→ BRIEF:
The data below should be copied out exactly, with its pictures omitted.

Items from a data source
****
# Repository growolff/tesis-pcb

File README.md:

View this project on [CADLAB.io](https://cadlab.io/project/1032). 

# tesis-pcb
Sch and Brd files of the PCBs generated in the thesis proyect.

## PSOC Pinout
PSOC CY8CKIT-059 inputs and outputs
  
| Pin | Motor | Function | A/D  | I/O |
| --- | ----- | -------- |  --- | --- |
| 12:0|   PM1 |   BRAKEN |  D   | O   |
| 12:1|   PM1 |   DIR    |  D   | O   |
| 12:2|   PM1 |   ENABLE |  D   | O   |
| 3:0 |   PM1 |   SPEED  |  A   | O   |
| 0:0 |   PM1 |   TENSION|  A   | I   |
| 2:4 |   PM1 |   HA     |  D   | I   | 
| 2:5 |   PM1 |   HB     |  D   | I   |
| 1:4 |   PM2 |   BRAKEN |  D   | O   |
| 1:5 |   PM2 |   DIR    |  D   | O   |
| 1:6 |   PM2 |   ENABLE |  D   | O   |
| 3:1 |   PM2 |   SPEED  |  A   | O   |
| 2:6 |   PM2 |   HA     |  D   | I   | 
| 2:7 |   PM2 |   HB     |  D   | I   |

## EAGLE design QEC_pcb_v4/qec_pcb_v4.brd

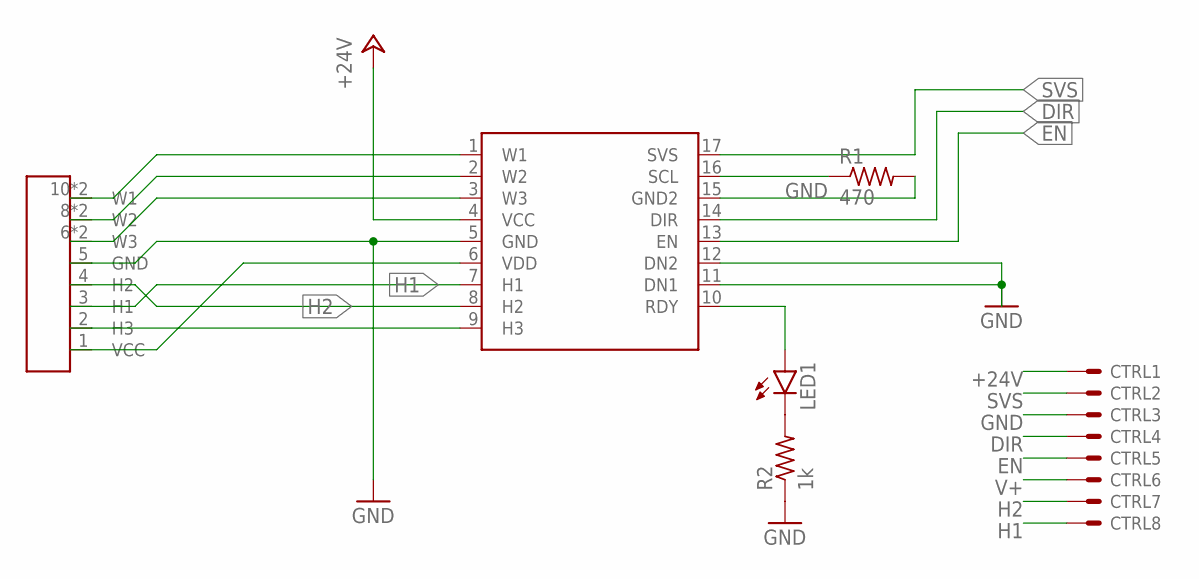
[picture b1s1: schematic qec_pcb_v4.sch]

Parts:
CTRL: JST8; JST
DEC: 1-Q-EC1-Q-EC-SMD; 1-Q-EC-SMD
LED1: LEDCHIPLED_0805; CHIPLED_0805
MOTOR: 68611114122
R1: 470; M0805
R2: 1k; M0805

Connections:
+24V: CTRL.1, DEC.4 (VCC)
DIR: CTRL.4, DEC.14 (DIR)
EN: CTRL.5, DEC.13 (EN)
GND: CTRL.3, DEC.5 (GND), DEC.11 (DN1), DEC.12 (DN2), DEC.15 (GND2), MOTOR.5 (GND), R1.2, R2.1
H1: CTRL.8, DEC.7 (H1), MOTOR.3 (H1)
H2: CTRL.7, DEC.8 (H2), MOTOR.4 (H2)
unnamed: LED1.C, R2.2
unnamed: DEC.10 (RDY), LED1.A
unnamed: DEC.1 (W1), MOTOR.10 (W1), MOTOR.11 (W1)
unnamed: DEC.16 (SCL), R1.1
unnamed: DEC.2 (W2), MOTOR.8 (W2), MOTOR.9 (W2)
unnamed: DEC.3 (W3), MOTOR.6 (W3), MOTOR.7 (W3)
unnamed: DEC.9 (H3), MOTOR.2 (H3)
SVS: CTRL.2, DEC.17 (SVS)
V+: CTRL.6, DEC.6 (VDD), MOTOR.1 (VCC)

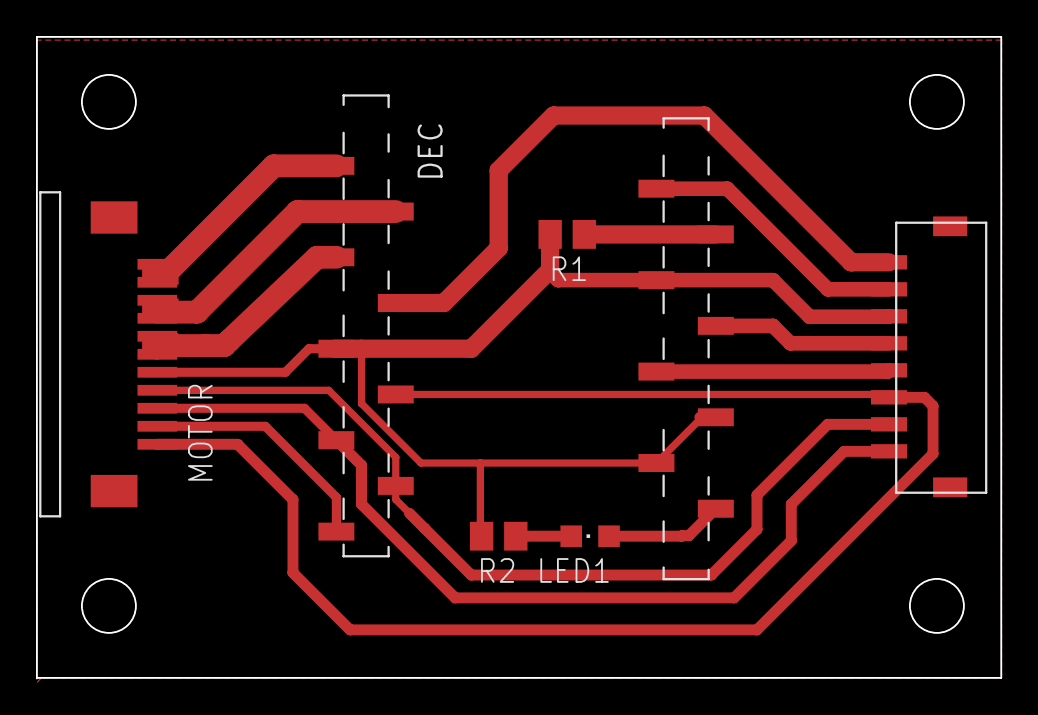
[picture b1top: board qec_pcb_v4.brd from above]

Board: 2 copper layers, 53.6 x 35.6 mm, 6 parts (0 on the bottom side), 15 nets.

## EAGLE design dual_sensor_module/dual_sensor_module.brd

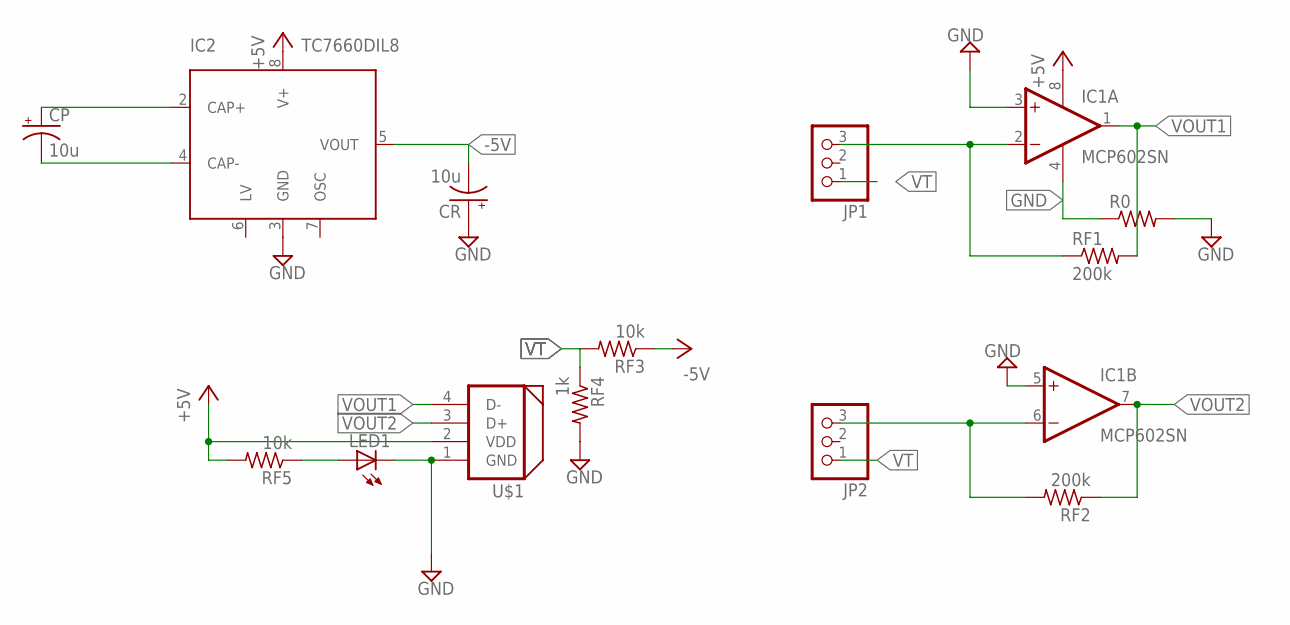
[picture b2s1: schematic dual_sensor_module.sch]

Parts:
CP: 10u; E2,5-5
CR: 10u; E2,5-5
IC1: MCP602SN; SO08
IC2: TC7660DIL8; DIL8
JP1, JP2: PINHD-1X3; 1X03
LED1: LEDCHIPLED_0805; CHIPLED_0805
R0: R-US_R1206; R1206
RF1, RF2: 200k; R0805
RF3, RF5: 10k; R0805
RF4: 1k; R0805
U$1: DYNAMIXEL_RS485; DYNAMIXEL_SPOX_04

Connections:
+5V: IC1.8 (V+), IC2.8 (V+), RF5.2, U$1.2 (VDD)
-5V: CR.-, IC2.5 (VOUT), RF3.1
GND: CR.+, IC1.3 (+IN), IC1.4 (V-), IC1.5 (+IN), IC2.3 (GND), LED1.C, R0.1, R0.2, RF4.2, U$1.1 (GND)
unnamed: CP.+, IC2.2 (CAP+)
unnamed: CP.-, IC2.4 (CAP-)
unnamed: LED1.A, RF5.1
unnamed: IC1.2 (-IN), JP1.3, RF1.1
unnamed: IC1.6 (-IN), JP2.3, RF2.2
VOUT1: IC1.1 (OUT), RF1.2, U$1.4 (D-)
****
→ WRITTEN REPLY:
# Repository growolff/tesis-pcb

File README.md:

View this project on [CADLAB.io](https://cadlab.io/project/1032). 

# tesis-pcb
Sch and Brd files of the PCBs generated in the thesis proyect.

## PSOC Pinout
PSOC CY8CKIT-059 inputs and outputs
  
| Pin | Motor | Function | A/D  | I/O |
| --- | ----- | -------- |  --- | --- |
| 12:0|   PM1 |   BRAKEN |  D   | O   |
| 12:1|   PM1 |   DIR    |  D   | O   |
| 12:2|   PM1 |   ENABLE |  D   | O   |
| 3:0 |   PM1 |   SPEED  |  A   | O   |
| 0:0 |   PM1 |   TENSION|  A   | I   |
| 2:4 |   PM1 |   HA     |  D   | I   | 
| 2:5 |   PM1 |   HB     |  D   | I   |
| 1:4 |   PM2 |   BRAKEN |  D   | O   |
| 1:5 |   PM2 |   DIR    |  D   | O   |
| 1:6 |   PM2 |   ENABLE |  D   | O   |
| 3:1 |   PM2 |   SPEED  |  A   | O   |
| 2:6 |   PM2 |   HA     |  D   | I   | 
| 2:7 |   PM2 |   HB     |  D   | I   |

## EAGLE design QEC_pcb_v4/qec_pcb_v4.brd

[picture b1s1: schematic qec_pcb_v4.sch]

Parts:
CTRL: JST8; JST
DEC: 1-Q-EC1-Q-EC-SMD; 1-Q-EC-SMD
LED1: LEDCHIPLED_0805; CHIPLED_0805
MOTOR: 68611114122
R1: 470; M0805
R2: 1k; M0805

Connections:
+24V: CTRL.1, DEC.4 (VCC)
DIR: CTRL.4, DEC.14 (DIR)
EN: CTRL.5, DEC.13 (EN)
GND: CTRL.3, DEC.5 (GND), DEC.11 (DN1), DEC.12 (DN2), DEC.15 (GND2), MOTOR.5 (GND), R1.2, R2.1
H1: CTRL.8, DEC.7 (H1), MOTOR.3 (H1)
H2: CTRL.7, DEC.8 (H2), MOTOR.4 (H2)
unnamed: LED1.C, R2.2
unnamed: DEC.10 (RDY), LED1.A
unnamed: DEC.1 (W1), MOTOR.10 (W1), MOTOR.11 (W1)
unnamed: DEC.16 (SCL), R1.1
unnamed: DEC.2 (W2), MOTOR.8 (W2), MOTOR.9 (W2)
unnamed: DEC.3 (W3), MOTOR.6 (W3), MOTOR.7 (W3)
unnamed: DEC.9 (H3), MOTOR.2 (H3)
SVS: CTRL.2, DEC.17 (SVS)
V+: CTRL.6, DEC.6 (VDD), MOTOR.1 (VCC)

[picture b1top: board qec_pcb_v4.brd from above]

Board: 2 copper layers, 53.6 x 35.6 mm, 6 parts (0 on the bottom side), 15 nets.

## EAGLE design dual_sensor_module/dual_sensor_module.brd

[picture b2s1: schematic dual_sensor_module.sch]

Parts:
CP: 10u; E2,5-5
CR: 10u; E2,5-5
IC1: MCP602SN; SO08
IC2: TC7660DIL8; DIL8
JP1, JP2: PINHD-1X3; 1X03
LED1: LEDCHIPLED_0805; CHIPLED_0805
R0: R-US_R1206; R1206
RF1, RF2: 200k; R0805
RF3, RF5: 10k; R0805
RF4: 1k; R0805
U$1: DYNAMIXEL_RS485; DYNAMIXEL_SPOX_04

Connections:
+5V: IC1.8 (V+), IC2.8 (V+), RF5.2, U$1.2 (VDD)
-5V: CR.-, IC2.5 (VOUT), RF3.1
GND: CR.+, IC1.3 (+IN), IC1.4 (V-), IC1.5 (+IN), IC2.3 (GND), LED1.C, R0.1, R0.2, RF4.2, U$1.1 (GND)
unnamed: CP.+, IC2.2 (CAP+)
unnamed: CP.-, IC2.4 (CAP-)
unnamed: LED1.A, RF5.1
unnamed: IC1.2 (-IN), JP1.3, RF1.1
unnamed: IC1.6 (-IN), JP2.3, RF2.2
VOUT1: IC1.1 (OUT), RF1.2, U$1.4 (D-)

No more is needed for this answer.